You’ll want to watch that stutter go away while the image stabilizes thanks to OIS.
And if you tend to shoot at 5x a lot, maybe you want to make a home screen shortcut to the Video mode so you can quickly toggle stabilization off before starting.
Use an App With Built-in Stabilization for Telephoto Video
Third-party apps relying on the system EIS may exhibit similar jitter. But there are a few others that have their own stabilization engines, which outright ignore the unreliable API. Users have been liking that they can get smooth 5x telephoto with the open-source Open Camera app, if its in-app stabilization is used instead of the device’s.
For Open Camera, you will open the app and go to Settings, Video Settings, and enable the Darkroom’s stabilization option. You can record at 5x, the same framing and pace too! If you depend upon pro controls, be aware that the aforementioned popular Blackmagic Design and RiseUp Games apps have been seen masquerading as the system when their pull-downs are set to use device stabilization mode.

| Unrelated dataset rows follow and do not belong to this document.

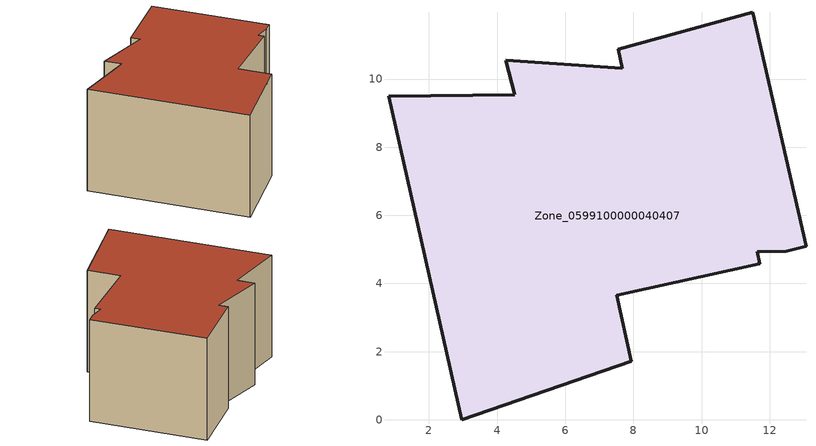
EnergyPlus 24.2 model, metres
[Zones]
Zone_0599100000040407
 floor ground (C_G): 7.68,10.32 7.55,10.87 11.5,11.96 13.07,5.09 12.49,4.94 11.63,4.93 11.71,4.58 7.5,3.66 7.93,1.72 2.96,0 0.81,9.5 4.51,9.54 4.26,10.55 z0
 wall outside (C_F): 11.5,11.96 7.55,10.87 7.68,10.32 4.26,10.55 4.51,9.54 0.81,9.5 2.96,0 7.93,1.72 7.5,3.66 11.71,4.58 11.63,4.93 12.49,4.94 13.07,5.09 11.5,11.96 z0:6.43
 roof outside (C_R): 7.55,10.87 7.68,10.32 4.26,10.55 4.51,9.54 0.81,9.5 2.96,0 7.93,1.72 7.5,3.66 11.71,4.58 11.63,4.93 12.49,4.94 13.07,5.09 11.5,11.96 z6.43
[BUILDING]
Pand.0599100000040407: North Axis=0; Terrain=City; Loads Convergence Tolerance Value=0.04; Temperature Convergence Tolerance Value=0.4; Solar Distribution=FullExterior; Maximum Number of Warmup Days=25; Minimum Number of Warmup Days=1
[Site:Location]
Rotterdam.The.Hague.AP_ZH_NLD Design_Conditions: Latitude=51.96; Longitude=4.45; Time Zone=1; Elevation=-4.5
[SITE:GROUNDTEMPERATURE:BUILDINGSURFACE]
18, 18, 18, 18, 18, 18, 18, 18, 18, 18, 18, 18
[MATERIAL] Thermal Absorptance=0.9; Solar Absorptance=0.7; Visible Absorptance=0.7
Name | Roughness | Thickness | Conductivity | Density | Specific Heat
G.TC.1946 | MediumSmooth | 0.15 | 1 | 540 | 1210
F.TC.1946 | Rough | 0.3 | 0.857143 | 1920 | 840
R.TC.1946 | MediumRough | 0.2 | 0.909091 | 1500 | 1000
[CONSTRUCTION]
C_G: G.TC.1946
C_F: F.TC.1946
C_R: R.TC.1946
[ZONE]
Zone_0599100000040407: Type=1; Multiplier=1; Ceiling Height=Autocalculate; Volume=Autocalculate; Floor Area=autocalculate; Part of Total Floor Area=Yes
[ZONEINFILTRATION:DESIGNFLOWRATE]
Infil_Zone_0599100000040407: Zone or ZoneList or Space or SpaceList=Zone_0599100000040407; Schedule=AlwaysOn; Design Flow Rate Calculation Method=Flow/Area; Flow Rate per Floor Area=0.003; Constant Term Coefficient=1; Temperature Term Coefficient=0; Velocity Term Coefficient=0; Velocity Squared Term Coefficient=0
[HVACTEMPLATE:ZONE:IDEALLOADSAIRSYSTEM]
Zone_0599100000040407: Maximum Heating Supply Air Temperature=50; Minimum Cooling Supply Air Temperature=13; Maximum Heating Supply Air Humidity Ratio=0.0156; Minimum Cooling Supply Air Humidity Ratio=0.0077; Heating Limit=NoLimit; Cooling Limit=NoLimit; Dehumidification Control Type=ConstantSensibleHeatRatio; Cooling Sensible Heat Ratio=0.7; Dehumidification Setpoint=60; Humidification Control Type=None; Humidification Setpoint=30; Outdoor Air Method=None; Outdoor Air Flow Rate per Person=0.00944; Outdoor Air Flow Rate per Zone Floor Area=0; Outdoor Air Flow Rate per Zone=0; Demand Controlled Ventilation Type=None; Outdoor Air Economizer Type=NoEconomizer; Heat Recovery Type=None; Sensible Heat Recovery Effectiveness=0.7; Latent Heat Recovery Effectiveness=0.65
[ZONECONTROL:THERMOSTAT]
ThermostatControl_Zone_0599100000040407: Zone or ZoneList=Zone_0599100000040407; Control Type Schedule=DualSetpointControlType; Control 1=Thermostat_Zone_0599100000040407; Temperature Difference Between Cutout And Setpoint=0
[THERMOSTATSETPOINT:DUALSETPOINT]
Thermostat_Zone_0599100000040407: Heating Setpoint Temperature Schedule=HeatingSetpoint_Zone_0599100000040407; Cooling Setpoint Temperature Schedule=CoolingSetpoint_Zone_0599100000040407
[SCHEDULE:COMPACT]
HeatingSetpoint_Zone_0599100000040407: Through: 12/31, For: AllDays, Until: 24:00, 21
CoolingSetpoint_Zone_0599100000040407: Through: 12/31, For: AllDays, Until: 24:00, 24
DualSetpointControlType: Through: 12/31, For: AllDays, Until: 24:00, 4
AlwaysOn: Through: 12/31, For: AllDays, Until: 24:00, 1

How to Reduce the Jitter as Much as Possible
- 30 fps is better than 60 fps at 5x. EIS windows can be tighter for higher frame rates, which can magnify visible corrective motion.
- Avoid aggressive pans. Telephoto compounds motion; make moves slow and intentional.
- Use a small handle, clip, or mini gimbal. Mechanical stabilization also synergizes with OIS and minimizes EIS burden.
- Stay at the true 5x. Any digital zoom will introduce artifacts that may add to yours.
- Keep Video Boost off for this particular problem. Post-capture computational improvements, however, won’t fix any stabilization mistakes caused by EIS.
A/B Test Your Pixel 10 Telephoto for Video Stutter
Perform a simple A/B test. For a well-lit scene, set the Pixel Camera to 5x, turn Stabilization On, and capture a slow pan for five seconds. Repeat with Stabilization Off. Watch the clips on a bigger screen. If you see some micro-jumps in the On clip while looking smooth in the Off one (though a tiny bit loose), then you are seeing the EIS bug. For a third data point, try it in an app that has its own stabilization engine applied.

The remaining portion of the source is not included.